Jaspen aterrizó con suavidad en un discreto callejón.

—No te preocupes —le dijo Winger, ya con los pies en el suelo—. Si todo sale bien, estaré de regreso en algunos minutos.

El guingui trinó levemente, dándole a entender que no se movería de su escondite. Protegido bajo la capucha de su capa roja, Winger abandonó el callejón y caminó con prisa hacia la pensión.

Durante el largo viaje aéreo había tenido tiempo para pensar en cómo entrar al hospedaje sin que nadie se percatara de su presencia. En el peor de los casos, podía utilizar algún conjuro para aturdir al somnoliento encargado de la noche, pero esperaba no tener que hacerlo.

Llegó hasta la entrada del lugar e ingresó con cautela. No se percató de la discreta figura que se ocultaba tras un árbol cercano...

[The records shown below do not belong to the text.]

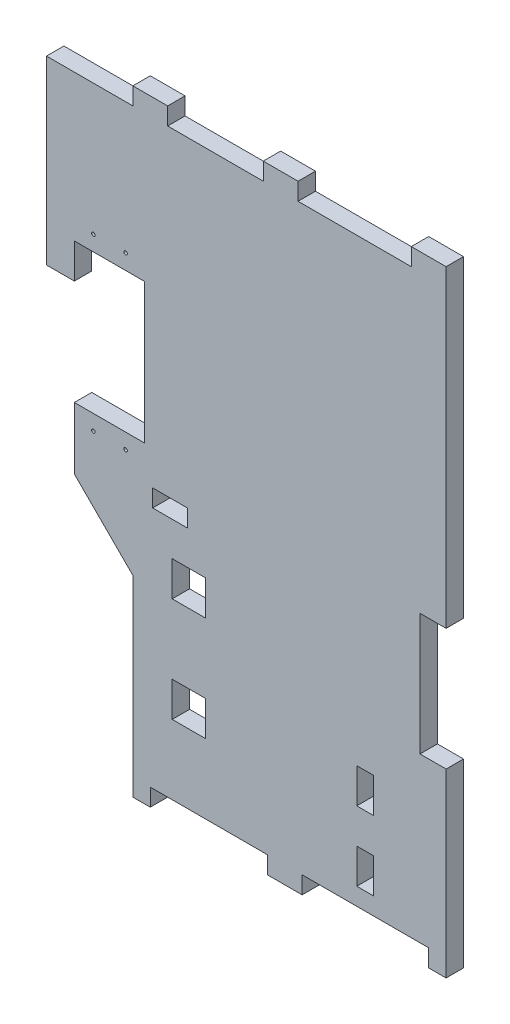
from build123d import *

# Parameters (mm, degrees)
ESQUISSE1_W             = 4.807532778
ESQUISSE1_H             = 10
ESQUISSE1_W_2           = 9.57980661
BOSS_EXTRU_1_DEPTH      = 5
BOSS_EXTRU_2_DEPTH      = 5
ESQUISSE3_W             = 20.2
ESQUISSE3_H             = 40.2
ENL_V_MAT_EXTRU_1_DEPTH = 5
ESQUISSE4_W             = 8
ESQUISSE4_H             = 52
ESQUISSE4_W_2           = 10
ESQUISSE4_H_2           = 5
ESQUISSE4_W_3           = 5
BOSS_EXTRU_3_DEPTH      = 5
ESQUISSE5_R             = 0.5
ENL_V_MAT_EXTRU_2_DEPTH = 5
ESQUISSE6_W             = 10
ESQUISSE6_H             = 4.997669143
ENL_V_MAT_EXTRU_3_DEPTH = 10


with BuildPart() as part:
    # Esquisse1 → Boss.-Extru.1 (new body)
    with BuildSketch(Plane.XY):
        Polygon((90, 82), (90, 167), (90, 172), (80, 172), (80, 167), (10, 167), (10, 172), (0, 172), (0, 167), (0, 0), (0, -5), (5, -5), (5, 0), (90, 0), (90, 47), (82.5, 47), (82.5, 82), align=None)
        with Locations((66.738521132, 30)):
            Rectangle(ESQUISSE1_W, ESQUISSE1_H, mode=Mode.SUBTRACT)
        with Locations((66.738521132, 10)):
            Rectangle(ESQUISSE1_W, ESQUISSE1_H, mode=Mode.SUBTRACT)
        with Locations((16.093272864, 25)):
            Rectangle(ESQUISSE1_W_2, ESQUISSE1_H, mode=Mode.SUBTRACT)
        with Locations((16.093272864, 55)):
            Rectangle(ESQUISSE1_W_2, ESQUISSE1_H, mode=Mode.SUBTRACT)
    extrude(amount=BOSS_EXTRU_1_DEPTH)

    # Esquisse2 → Boss.-Extru.2 (add)
    with BuildSketch(Plane.XY.offset(5)):
        Polygon((0, 167), (-16.814476947, 167), (-16.814476947, 67), (0, 50.185523053), align=None)
    extrude(amount=-BOSS_EXTRU_2_DEPTH)

    # Esquisse3 → Enlèv. mat.-Extru.1 (cut)
    with BuildSketch(Plane.XY.offset(5)):
        with Locations((-6.714476947, 104.9)):
            Rectangle(ESQUISSE3_W, ESQUISSE3_H)
    extrude(amount=-ENL_V_MAT_EXTRU_1_DEPTH, mode=Mode.SUBTRACT)

    # Esquisse4 → Boss.-Extru.3 (add)
    with BuildSketch(Plane.XY.offset(5)):
        with Locations((-20.814476947, 141)):
            Rectangle(ESQUISSE4_W, ESQUISSE4_H)
        with Locations((43.633734486, -2.5)):
            Rectangle(ESQUISSE4_W_2, ESQUISSE4_H_2)
        with Locations((87.5, -2.5)):
            Rectangle(ESQUISSE4_W_3, ESQUISSE4_H_2)
        with Locations((42.466362442, 169.5)):
            Rectangle(ESQUISSE4_W_2, ESQUISSE4_H_2)
    extrude(amount=-BOSS_EXTRU_3_DEPTH)

    # Esquisse5 → Enlèv. mat.-Extru.2 (cut)
    with BuildSketch(Plane.XY.offset(5)):
        with Locations((-11.339476947, 129.4)):
            Circle(ESQUISSE5_R)
        with Locations((-2.089476947, 129.4)):
            Circle(ESQUISSE5_R)
        with Locations((-11.339476947, 80.4)):
            Circle(ESQUISSE5_R)
        with Locations((-2.089476947, 80.4)):
            Circle(ESQUISSE5_R)
    extrude(amount=-ENL_V_MAT_EXTRU_2_DEPTH, mode=Mode.SUBTRACT)

    # Esquisse6 → Enlèv. mat.-Extru.3 (cut)
    with BuildSketch(Plane.XY.offset(5)):
        with Locations((10.685768017, 72.301165429)):
            Rectangle(ESQUISSE6_W, ESQUISSE6_H)
    extrude(amount=-ENL_V_MAT_EXTRU_3_DEPTH, mode=Mode.SUBTRACT)


solid = part.part

Una vez en recepción, respiró aliviado al encontrar al dueño del lugar (el mismo que lo había registrado el día de su llegada a esa ciudad) dormido sobre el mostrador. Caminando en puntas de pie, Winger pasó por delante de él y subió las escaleras en dirección a las habitaciones. Las cosas continuaban siéndole por de más sencillas, pues la puerta ni siquiera estaba cerrada con llave. Miró hacia ambos lados del pasillo y entró.